Она сжала мое запястье и сунула мне в руку ключ — маленькую медную вещицу, изрядно потускневшую.
— Однажды, когда ты был еще мальчиком, ветер поломал штокрозы, — продолжала она. — Они лежали там у стены, нетронутые, с цветами. Пока от них еще был какой-то толк, насекомые садились на них, а потом улетали, точно делали полезное дело. А я думала: какой позор.
Мать провела все лето в прохладной комнате, наполняя наши жизни болью, неспособная успокоиться и отпустить нас. Все это время я то и дело посматривал на ключ, который она дала мне. Но так и не воспользовался им до самой осени, пока она не умерла. Я был уверен: ей не понравится, что я отправился в город, чтобы открыть им дверь…
Ключ повернулся достаточно легко, хотя прошло столько лет, и на миг я в смущении замер на пороге жизни — дяди Принсепа и моей собственной, — не смея войти. Я заблудился у Пруда Аквалейт с его причудливым эхом и туманами. Подобно большинству приезжих, я только тогда понял, насколько велик Вирикониум… или его пустота. Но комнаты, куда я наконец-то осмелился войти, были достаточно просторны. Широкие серые столы, украшенные плюмажами пыли, несколько книг на полках, несколько картин на беленых стенах. В маленькой кухоньке расположился буфет, а в нем — все необходимое для чаепития. Я устал. Была еще одна комната, но я не стал ее открывать и свалил свои пожитки на железную кровать. После путешествия через Изер на моих картонках и сумках еще осталась соль.
Под кроватью, рядом с ночным горшком, я нашел два или три экземпляра «Вечного имаго».
Можно осмотреть другую комнату позже, подумал я. Надо найти, куда сложить вещи, и ложиться спать, а утром, возможно, я проснусь более счастливым. В конце концов, я здесь… В итоге я отложил книгу и снова повернул ключ в замке.

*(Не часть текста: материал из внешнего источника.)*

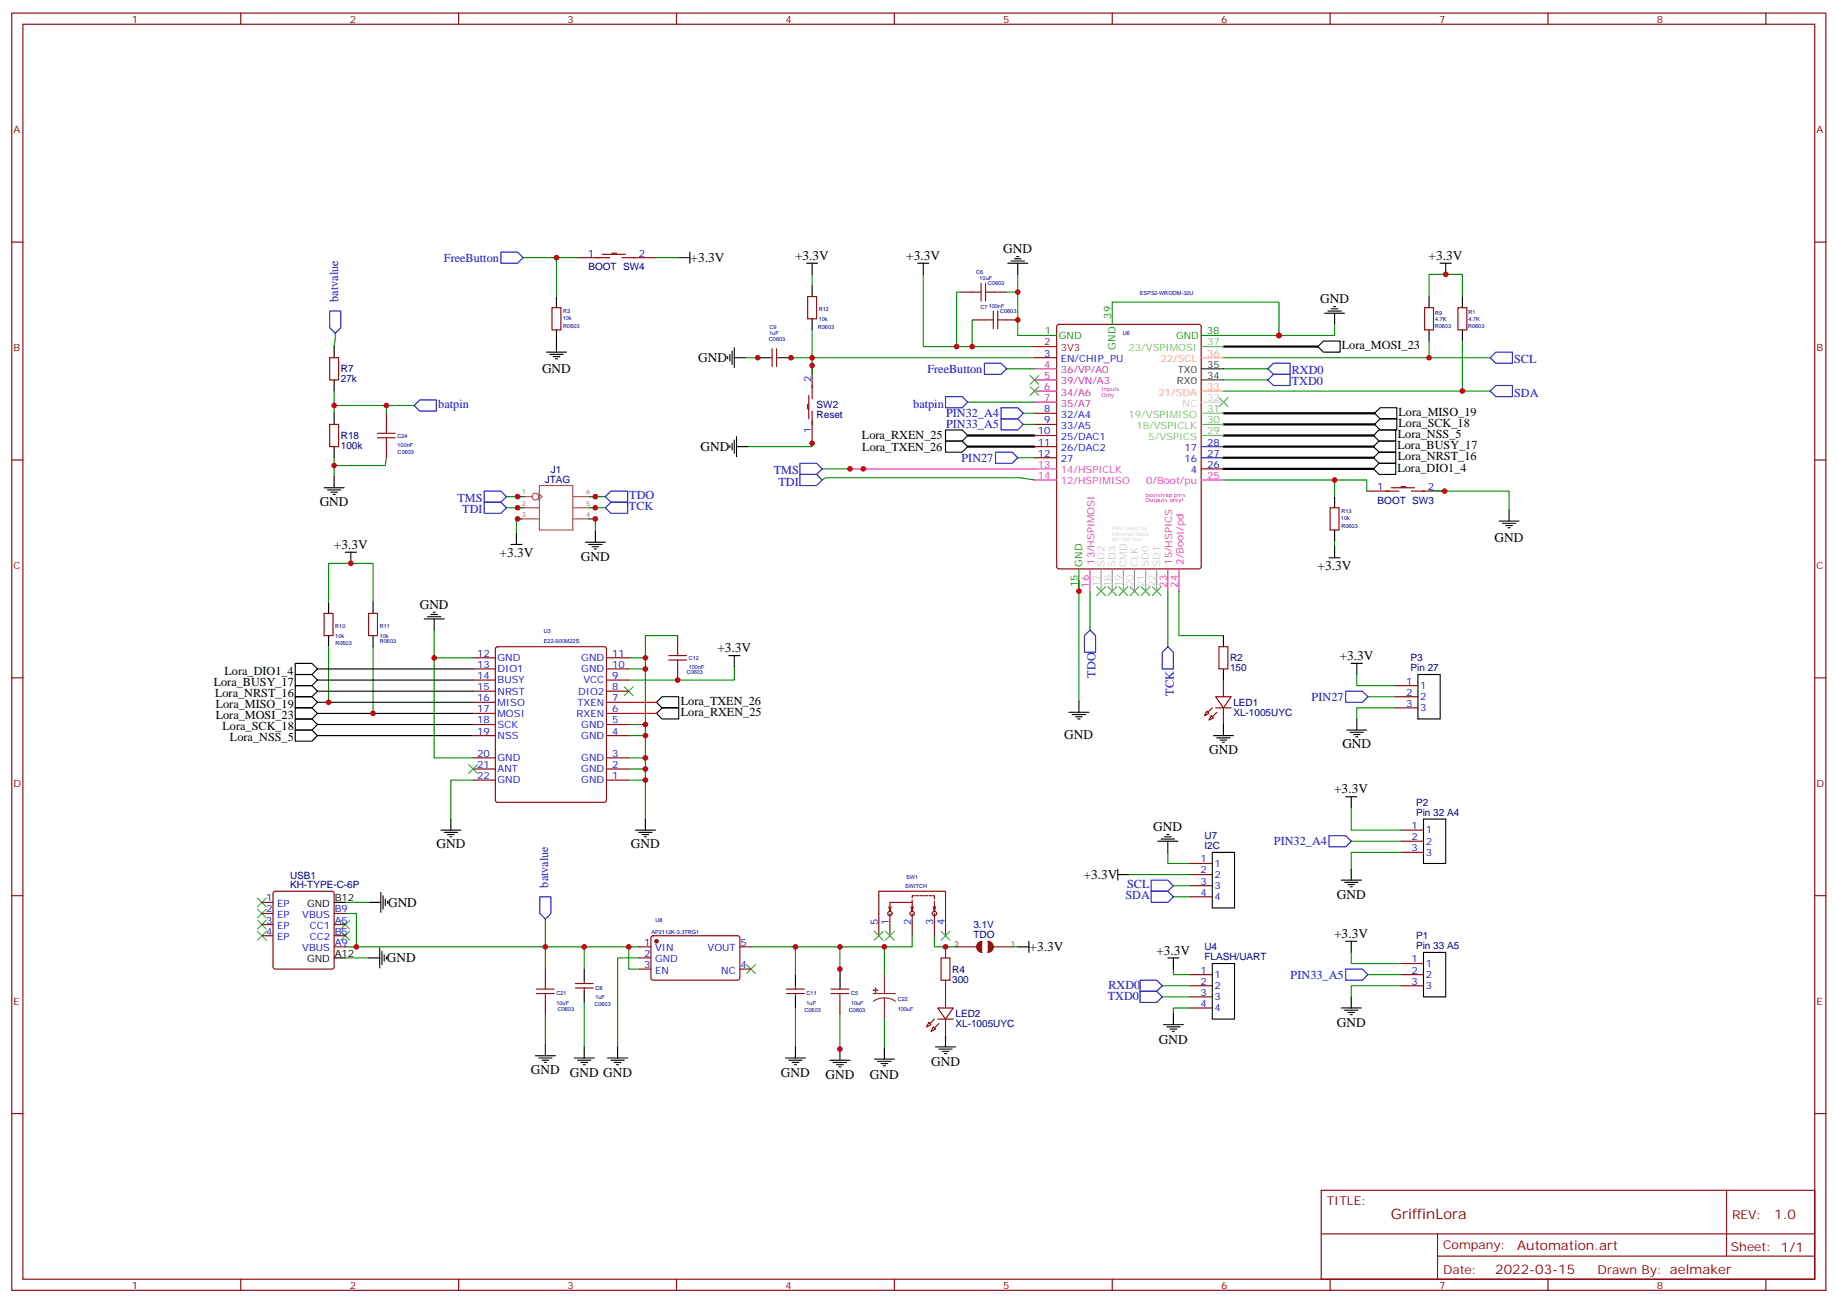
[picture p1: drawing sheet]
<svg xmlns="http://www.w3.org/2000/svg" width="583mm" height="413mm" viewBox="0 0 583 413" stroke-linecap="round" stroke-linejoin="round" font-family="sans-serif">
<g fill="none" stroke="#870000" stroke-width=".35">
<path d="M3.7 4.2h575.8v405.3h-575.8zM7.3 7.7h568.6v398.3h-568.6zM76.4 4.2v3.5M145.6 4.2v3.5M214.7 4.2v3.5M283.8 4.2v3.5M353 4.2v3.5M422.1 4.2v3.5M491.3 4.2v3.5M560.4 4.2v3.5M3.7 76.8h3.6M575.9 76.8h3.6"/>
<path d="M256.3 94.1h2.9v7.1h-2.9zM305 92.7h3.5M315.6 92.7h3.5M452.1 97.6h2.8v7.1h-2.8zM462.7 97.6h2.8v7.1h-2.8zM104.6 113.5h2.9v7.1h-2.9zM244 113.5h1M245 110.7v5.6M246.5 110.7v5.6M246.5 113.5h1M257.7 116v10.6M308.9 101.5h3.5"/>
<path d="M319.5 101.5h3.5M328.3 113.5h7.1M335.6 103.1l.5-.2h44.4l.7 .5v76.4l-.5 .7-44.6 .1-.7-.5v-76.5zM104.6 134.7h2.9v7h-2.9zM122.6 131.2v3.5M256.7 128.3h-.4v1.5h.4M256.7 125.5v7.4M257.7 130.5v10.2M328.3 131.2h7.1M328.3 134.7h7.1M328.3 138.2h7.1M3.7 146h3.6"/>
<path d="M122.6 141.7v3.6M328.3 141.7h7.1M328.3 145.3h7.1M381.2 148.8h7.1M433.8 155.9h10.2M441.5 154.8h7.4M444.7 154.8v-.4h1.4v.4M447.9 155.9h10.6M575.9 146h3.6M422.1 161.1h2.9v7.1h-2.9zM102.9 194.7h2.8v7h-2.8zM117 194.7h2.8v7h-2.8z"/>
<path d="M3.7 215.1h3.6M215.1 201.7v3.5M215.1 212.3v3.5M575.9 215.1h3.6M377.7 274h7M377.7 277.6h7M3.7 284.3h3.6M83.1 293.4h3.5M83.1 289.9h3.5M83.1 297h3.5M83.1 286.4h3.5M86.9 283.1l.4-.2h18l.5 .2 .2 .5v23.2l-.2 .5-.5 .3h-18l-.5-.3-.2-.5v-23.2z"/>
<path d="M106 293.4h3.6M106 289.9h3.6M106 297h3.6M206.8 297.2l.5-.2h27.1l.4 .7-.1 12.9-.6 .5-27.1-.1-.4-.6v-12.7zM377.7 281.1h7M377.7 284.6h7M575.9 284.3h3.6M106 300.5h3.6M173.1 307.6v3.5M173.1 318.1v3.6M182.6 313.5h5.6M182.6 312.1h5.6"/>
<path d="M185.4 311.1v1M185.4 313.5v1.1M203.1 300.5h3.5M203.1 304h3.5M203.1 307.6h3.5M234.8 300.5h3.5M234.8 307.6h3.5M249.6 315.3h5.7M249.6 313.9h5.7M252.4 312.8v1.1M252.4 315.3v1.1M266.6 307.6v3.5"/>
<path d="M266.6 318.1v3.6M377.7 309.3h7M377.7 312.8h7M377.7 316.4h7M377.7 319.9h7M3.7 353.4h3.6M575.9 353.4h3.6M419.3 377.8h156.6v28.2h-156.6zM547.9 377.8v20.9M419.3 391.6h156.5M456.2 398.7h119.6M456.2 391.6v14.1"/>
<path d="M76.4 406v3.5M145.6 406v3.5M214.7 406v3.5M283.8 406v3.5M353 406v3.5M422.1 406v3.5M491.3 406v3.5M560.4 406v3.5"/>
</g>
<g fill="none" stroke="#008700" stroke-width=".35">
<path d="M257.7 87.1v3.5M293 87.1v22.9h35.3M305 92.7h-1.4v17.3M319.1 92.7h3.9M323 87.1v19.4h5.3M353 95.9h52.9v10.6M453.5 94.1v-7h10.6v7M106.4 105.8l-.4 4.2M236.6 113.5h5.3M257.7 104.7v8.8h-7.7M308.9 101.5h-.4v8.5M328.3 113.5h-70.6v5.3"/>
<path d="M388.3 113.5h84.6M388.3 117.1h14.1M388.3 106.5h17.6M423.5 102.9v3.6h-17.6M453.5 108.2v5.3M464.1 108.2v15.9M106 128.7h16.6M106 124.1v7.1M131.4 128.7h-8.8v2.5M257.7 140v1.7h-20.4M307.1 127.6h21.2M388.3 124.1h84.6"/>
<path d="M388.3 120.6h14.1M106 145.3v6M122.6 145.3l-.3 2.4h-16.3M160.7 157.6h5.7M186.8 157.6h5.3M260.9 152.3l1.1-.7h61.7l4.6 .7M260.9 148.8h8.8M388.3 152.3h45.5v3.6M423.5 152.3v5.3M453.5 155.9h25.4v6M160.7 161.1h5.7M165.7 164.7h-1.8v4.6"/>
<path d="M186.8 164.7h2.1v3.9M186.8 161.1h5.3M423.5 171.7v1.8M104.3 191.1v-12.3h14.1v12.3M342.4 184.1v38.4M104.3 205.2v17.7M118.4 205.2v21.2M215.1 201.7h-10.3v7.1M370.6 270.5v3.5h7.1M109.6 289.9h3.5v10.6h-3.5M109.6 286.4h7.7M289.5 297v3.5h-37.1"/>
<path d="M109.6 304h7.4M113.1 300.5h72.3M185.4 318.1v14.1M199.5 300.5v7.1h3.6M203.1 300.5h-17.7v7.1M203.1 304h-7.1v28.2M238.3 300.5h14.1v8.8M252.4 319.9v12.3M266.6 300.5v13M280.7 300.5v8.8M368.9 312.8h8.8M368.9 316.4h8.8"/>
<path d="M372.4 307.6v1.7h5.3M377.7 319.9h-5.3v1.8M173.1 321.7v9.8M266.6 321.7v11.6M280.7 323.4v9.2"/>
</g>
<g fill="none" stroke="#00f" stroke-width=".35">
<path d="M104.6 98.7h3.6v5.3l-1.8 1.8-1.8-1.8zM404.1 115.3h5.3v3.5h-5.3l-1.7-1.7zM404.1 118.8h5.3v3.5h-5.3l-1.7-1.7zM474.7 111.8h5.3v3.5h-5.3l-1.8-1.8zM133.2 126.9h5.3v3.6h-5.3l-1.8-1.8zM300.1 125.9h5.3l1.7 1.7-1.7 1.8h-5.3zM474.7 122.3h5.3v3.6h-5.3l-1.8-1.8zM153.7 159.4h5.3l1.7 1.7-1.7 1.8h-5.3zM153.7 155.9h5.3l1.7 1.7-1.7 1.8h-5.3zM192.1 157.6l1.8-1.7h5.3v3.5h-5.3zM253.9 150.6h5.3l1.7 1.7-1.7 1.8h-5.3zM253.9 147h5.3l1.7 1.8-1.7 1.8h-5.3z"/>
<path d="M381.2 141.7h7.1M381.2 145.3h7.1M192.1 161.1l1.8-1.7h5.3v3.5h-5.3zM344.2 201.7l1.7-1.7 1.8 1.7v5.3h-3.5zM370.6 205.2l1.8 1.8v5.3h-3.5v-5.3zM365.3 279.3h5.3l1.8 1.8-1.8 1.8h-5.3zM365.3 282.9h5.3l1.8 1.7-1.8 1.8h-5.3zM361.8 311.1h5.3l1.8 1.7-1.8 1.8h-5.3zM361.8 314.6h5.3l1.8 1.8-1.8 1.7h-5.3z"/>
</g>
<g fill="none" stroke="#000" stroke-width=".35">
<path d="M256 83.5h3.5M257.7 83.5v3.6M257.7 90.6v3.5M291.3 83.5h3.5M293 83.5v3.6M319.8 83.5h6.4M320.9 82.8h4.2M321.9 82.1h2.2M322.7 81.4h.7M323 83.5v3.6M420.4 99.4h6.3M421.4 98.7h4.3"/>
<path d="M422.5 98h2.1M423.2 97.3h.7M423.5 99.4v3.5M453.5 94.1v3.5M457.1 83.5h3.5M458.8 83.5v3.6M464.1 94.1v3.5M106 110v3.5M230.9 113.2v.7M231.6 112.5v2.1M232.3 111.4v4.2M233 113.5h3.6"/>
<path d="M233 110.3v6.4M240.5 113.5h3.5M247.5 113.5h3.5M257.7 101.2v3.5M418.3 110l1.7-1.8h5.3v3.6h-5.3zM453.5 104.7v3.5M464.1 104.7v3.5M106 120.6v3.5M106 131.2v3.5M233 139.6v4.3M233.8 138.6v6.3M300.1 140h5.3l1.7 1.7-1.7 1.8h-5.3z"/>
<path d="M300.1 136.5h5.3l1.7 1.7-1.7 1.8h-5.3zM435.9 138.2l1.8-1.7h5.2v3.5h-5.2zM436.2 131.2l1.8-1.8h5.3v3.5h-5.3zM436.2 134.7l1.8-1.8h5.3v3.6h-5.3zM102.9 154.8h6.3M103.9 155.5h4.3M105 156.2h2.1M105.7 156.9h.7M106 141.7v3.6M106 151.3v3.5M231.6 141.4v.7M232.3 140.7v2.1"/>
<path d="M233.8 141.7h3.5M423.5 157.6v3.5M435.9 145.3l1.8-1.8h5.2v3.5h-5.2zM435.9 141.7l1.8-1.7h5.2v3.5h-5.2zM435.9 148.8l1.8-1.8h5.2v3.6h-5.2zM109.6 175.3h3.5M111.3 175.3v3.5M162.1 172.8h3.6M163.9 169.3v3.5M185.8 172.1h6.3M186.8 172.8h4.3M187.9 173.5h2.1"/>
<path d="M188.6 174.2h.7M188.9 168.6v3.5M421.8 177h3.5M423.5 168.2v3.5M423.5 173.5v3.5M475.8 165.4h6.3M476.8 166.1h4.2M477.9 166.8h2.1M478.6 167.5h.7M478.9 161.9v3.5M104.3 191.1v3.6M118.4 191.1v3.6"/>
<path d="M104.3 201.7v3.5M118.4 201.7v3.5M208.4 226.4l1.7-1.8h5.3v3.6h-5.3zM208.4 222.9l1.7-1.8h5.3v3.5h-5.3zM339.2 226.1h6.4M340.3 226.8h4.2M341.3 227.5h2.2M342.1 228.2h.7M342.4 222.5v3.6M354.8 277.6h3.5M354.8 275.8v3.5M367.5 267h6.3"/>
<path d="M368.5 266.3h4.2M369.6 265.6h2.1M370.3 264.9h.7M370.6 267v3.5M384.7 270.5h7.1v17.6h-7.1zM106 286.4h3.6M117.3 286.4h3.6M120.9 283.2v6.4M121.6 284.3v4.2M122.3 285.3v2.1M123 286v.7M326.5 298.7v3.6"/>
<path d="M106 304h3.6M117 304h3.5M120.5 300.8v6.4M121.2 301.9v4.2M121.9 303v2.1M122.6 303.7v.7M185.4 307.6v3.5M185.4 314.6v3.5M252.4 309.3v3.5M252.4 316.4v3.5M323 300.5h3.5M370.6 304h3.6"/>
<path d="M372.4 304v3.6M384.7 305.8h7.1v17.6h-7.1zM169.9 335.1h6.3M171 335.8h4.2M172 336.5h2.1M172.7 337.2h.7M173.1 331.5v3.6M182.2 335.8h6.4M183.3 336.5h4.2M184.4 337.2h2.1M185.1 337.9h.7M185.4 332.2v3.6"/>
<path d="M192.8 335.8h6.4M193.9 336.5h4.2M194.9 337.2h2.2M195.7 337.9h.7M196 332.2v3.6M249.3 335.8h6.3M250.3 336.5h4.3M251.4 337.2h2.1M252.1 337.9h.7M252.4 332.2v3.6M263.4 336.5h6.3M264.4 337.2h4.3"/>
<path d="M265.5 337.9h2.1M266.2 338.6h.7M266.6 333v3.5M277.5 336.1h6.3M278.6 336.8h4.2M279.6 337.5h2.1M280.3 338.2h.7M280.7 332.6v3.5M369.2 325.2h6.4M370.3 325.9h4.2M371.3 326.6h2.2M372 327.3h.7"/>
<path d="M372.4 321.7v3.5"/>
</g>
<path d="M269.7 148.8h58.6M381.2 152.3h7.1M374.2 180.6v7" fill="none" stroke="#f0f" stroke-width=".35"/>
<g fill="none" stroke="#a64a4a" stroke-width=".35">
<path d="M164.3 157.6h4.8M171 156.6l1 1-1 1.1M171.2 154.1h10.6v14.1h-10.6zM182 157.6h6.9M164.3 161.1h6.9M164.3 164.7h6.9M182 161.1h6.9M182 164.7h6.9"/>
<circle cx="169.9" cy="157.6" r="1.06"/>
</g>
<g fill="none" stroke="#a10000" stroke-width=".35">
<path d="M308.5 92.7h2.9M311.4 89.9v5.6M312.8 89.9v5.6M312.8 92.7h2.8M315.2 98.7v5.7M316.7 98.7v5.7M312.4 101.5h2.8M316.7 101.5h2.8M119.8 138.9h5.6M119.8 137.5h5.6M122.6 134.7v2.8M122.6 138.9v2.8"/>
<path d="M212.2 209.5h5.7M212.2 208.1h5.7M215.1 205.2v2.9M215.1 209.5v2.8M170.3 315.3h5.6M170.3 313.9h5.6M173.1 311.1v2.8M173.1 315.3v2.8M263.7 315.3h5.7M263.7 313.9h5.7M266.6 311.1v2.8M266.6 315.3v2.8"/>
</g>
<g fill="none" stroke="#3c3" stroke-width=".35">
<path d="M326.9 119.2l2.8 2.8M329.7 119.2l-2.8 2.8M386.9 126.2l2.8 2.8M389.7 126.2l-2.8 2.8M348.1 186.2l2.8 2.8M350.9 186.2l-2.8 2.8M351.6 186.2l2.8 2.8M354.4 186.2l-2.8 2.8M355.1 186.2l2.8 2.8M357.9 186.2l-2.8 2.8M358.6 186.2l2.9 2.8M361.5 186.2l-2.9 2.8"/>
<path d="M362.2 186.2l2.8 2.8M365 186.2l-2.8 2.8M365.7 186.2l2.8 2.8M368.5 186.2l-2.8 2.8M198.1 217.9l2.8 2.9M200.9 217.9l-2.8 2.9M81.7 285l2.8 2.8M81.7 288.5l2.8 2.8M81.7 292l2.8 2.9M81.7 295.6l2.8 2.8M84.5 285l-2.8 2.8M84.5 288.5l-2.8 2.8"/>
<path d="M84.5 292l-2.8 2.9M84.5 295.6l-2.8 2.8M108.2 292l2.8 2.9M108.2 295.6l2.8 2.8M111 292l-2.8 2.9M111 295.6l-2.8 2.8M236.9 306.1l2.8 2.9M239.7 306.1l-2.8 2.9"/>
</g>
<path d="M307.1 138.2h21.2M388.3 138.2h47.6M388.3 131.2h47.9M388.3 134.7h47.9M388.3 145.3h47.6M388.3 141.7h47.6M388.3 148.8h47.6" fill="none" stroke="#000" stroke-width=".71"/>
<path d="M307.1 141.7h21.2z" fill="#000" stroke="#000" stroke-width=".71"/>
<path d="M388.3 110h30" fill="none" stroke="#030" stroke-width=".71"/>
<path d="M328.3 117.1h7.1M328.3 120.6h7.1M328.3 124.1h7.1M328.3 127.6h7.1" fill="none" stroke="#90c" stroke-width=".35"/>
<path d="M381.2 110h7.1M381.2 138.2h7.1M381.2 134.7h7.1M381.2 131.2h7.1" fill="none" stroke="#9c3" stroke-width=".35"/>
<path d="M381.2 113.5h7.1M381.2 124.1h7.1" fill="none" stroke="#f96" stroke-width=".35"/>
<path d="M328.3 110h7.1" fill="none" stroke="#f00" stroke-width=".35"/>
<path d="M328.3 148.8h7.1M328.3 152.3h7.1M345.9 180.6v7M370.6 180.6v7" fill="none" stroke="#f39" stroke-width=".35"/>
<path d="M353 95.9v7M328.3 106.5h7.1M381.2 106.5h7.1M342.4 180.6v7" fill="none" stroke="#090" stroke-width=".35"/>
<path d="M381.2 117.1h7.1M381.2 120.6h7.1" fill="none" stroke="#333" stroke-width=".35"/>
<path d="M381.2 127.6h7.1" fill="none" stroke="#ccc" stroke-width=".35"/>
<path d="M349.5 180.6v7M353 180.6v7M356.5 180.6v7M360 180.6v7M363.6 180.6v7M367.1 180.6v7" fill="none" stroke="#999" stroke-width=".35"/>
<path d="M277.1 315.3h7.1M280.7 316.7l1.8 .3 1.7 .8M280.7 316.7l-1.9 .3-1.7 .8M280.7 309.3v6M280.7 316.7v6.7" fill="none" stroke="#8c2424" stroke-width=".35"/>
<g fill="#8c2424" stroke="#8c2424" stroke-width=".35">
<path d="M277.1 314.3h1.5z"/>
<path d="M277.8 313.5l.1 1.5z"/>
</g>
<circle cx="208.4" cy="298.7" r=".53" fill="#870000" stroke="#870000" stroke-width=".35"/>
<g fill="#850000" stroke="#850000" stroke-width=".35">
<path d="M313.5 298.7a1.76 1.76 0 0 1 1.7 1.8 1.76 1.76 0 0 1-1.7 1.8z"/>
<path d="M310.5 299.2l1.2-.5v3.6a1.76 1.76 0 0 1-1.6-1.1 1.76 1.76 0 0 1 .4-2z"/>
</g>
<path d="M303.6 300.5h6.2M315.1 300.5h6.1" fill="none" stroke="#850000" stroke-width=".35"/>
<path d="M199.5 226.4h8.9M199.5 222.9h8.9" fill="none" stroke="#f30" stroke-width=".35"/>
<g fill="#f30" stroke="#000" stroke-width=".35">
<path d="M100.8 233.5h49.3z"/>
<path d="M100.8 229.9h49.3z"/>
<path d="M100.8 226.4h49.3z"/>
<path d="M100.8 222.9h49.3z"/>
<path d="M100.8 219.4h49.3z"/>
<path d="M100.8 215.8h49.3z"/>
<path d="M100.8 212.3h49.3z"/>
</g>
<g fill="none" stroke="#000" stroke-width=".35">
<path d="M176.6 94.1v3.5M215.4 81.8h3.5M218.9 80v3.5M173.4 111.8h6.4M174.5 112.5h4.2M175.5 113.2h2.2M176.2 113.9h.8M176.6 104.7v7.1M134.6 196.4h6.4M135.7 195.7h4.2M136.7 195h2.2M137.4 194.3h.7"/>
<path d="M137.8 196.4v3.6M93.7 217.6h5.3l1.8 1.8-1.8 1.7h-5.3zM93.7 214.1h5.3l1.8 1.7-1.8 1.8h-5.3zM93.7 210.5h5.3l1.8 1.8-1.8 1.8h-5.3zM231.3 208.1h3.5M233 208.1v3.5M388.3 201.7v3.5M388.3 212.3v3.5M428.8 210.5h3.6M430.6 210.5v3.6M450 214.1h7.1v14.1h-7.1zM93.7 231.7h5.3l1.8 1.8-1.8 1.7h-5.3z"/>
<path d="M93.7 228.2h5.3l1.8 1.7-1.8 1.8h-5.3zM93.7 224.6h5.3l1.8 1.8-1.8 1.8h-5.3zM93.7 221.1h5.3l1.8 1.8-1.8 1.7h-5.3zM385.1 233.5h6.3M386.2 234.2h4.2M387.2 234.9h2.1M387.9 235.6h.7M388.3 229.9v3.6M427.4 231.7h6.4M428.5 232.4h4.2M429.5 233.1h2.2M430.2 233.8h.8"/>
<path d="M430.6 228.2v3.5M143.1 259.9v3.6M204.8 259.9v3.6M427.1 252.9h3.5M428.8 252.9v3.5M451.8 259.9h7v14.1h-7zM139.9 263.5h6.4M141 264.2h4.2M142 264.9h2.1M142.7 265.6h.7M201.6 263.5h6.4M202.7 264.2h4.2"/>
<path d="M203.8 264.9h2.1M204.5 265.6h.7M425.7 279.3h6.3M428.8 275.8v3.5M426.7 280h4.3M427.1 298.7h3.5M427.8 280.7h2.1M428.5 281.4h.7M428.8 298.7v3.6M425.7 319.9h6.3M428.8 316.4v3.5M451.8 302.3h7v14.1h-7z"/>
<path d="M296.9 332.2h6.3M298 333h4.2M299 333.7h2.1M299.7 334.4h.7M300.1 328.7v3.5M426.7 320.6h4.3M427.8 321.3h2.1M428.5 322h.7"/>
</g>
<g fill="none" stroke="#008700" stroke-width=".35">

Влюбившись в Веру Гиллера, дядя выкрасил стены этой комнаты в унылый, тяжелый, сургучно-красный цвет. На окне висели толстые бархатные занавески того же цвета, наглухо закрытые. Ее изображения были повсюду — на стенах, на столах, на каминной доске… Она позировала в костюмах, в которых танцевала в «Киске», в «Воскресном пожаре в Низах», в «Коньке-горбунке»… и был еще один небольшой портрет, где она стояла, облокотившись на перила и подпирая рукой свой маленький подбородок. Она смотрела на море, загадочно улыбаясь из-под полей шляпы. А сама женщина — вернее, ее подобие, выполненное из желтого воска — лежала на катафалке в центре комнаты: нечеловечески хрупкое обнаженное тело танцовщицы, ноги разведены, словно приглашая к соитию, руки умоляюще подняты, а голова заменена отполированным черепом лошади, выкрашенным бурой краской.
В этой комнате мой дядя Принсеп скрывался от всех — от меня, от моей матери, от мадам де Мопассан и ее компании… и, наконец, от самой балерины Веры Гиллера, у ног которой он провел все эти годы. Я закрыл дверь и подошел к окну. Раздвинув занавески и выглянув наружу, я увидел кирпичные стены богадельни, высокие, увенчанные шипами, омытые жарким апельсиновым светом уличных фонарей, и услышал свирепые вопли сумасшедших, доносившиеся оттуда.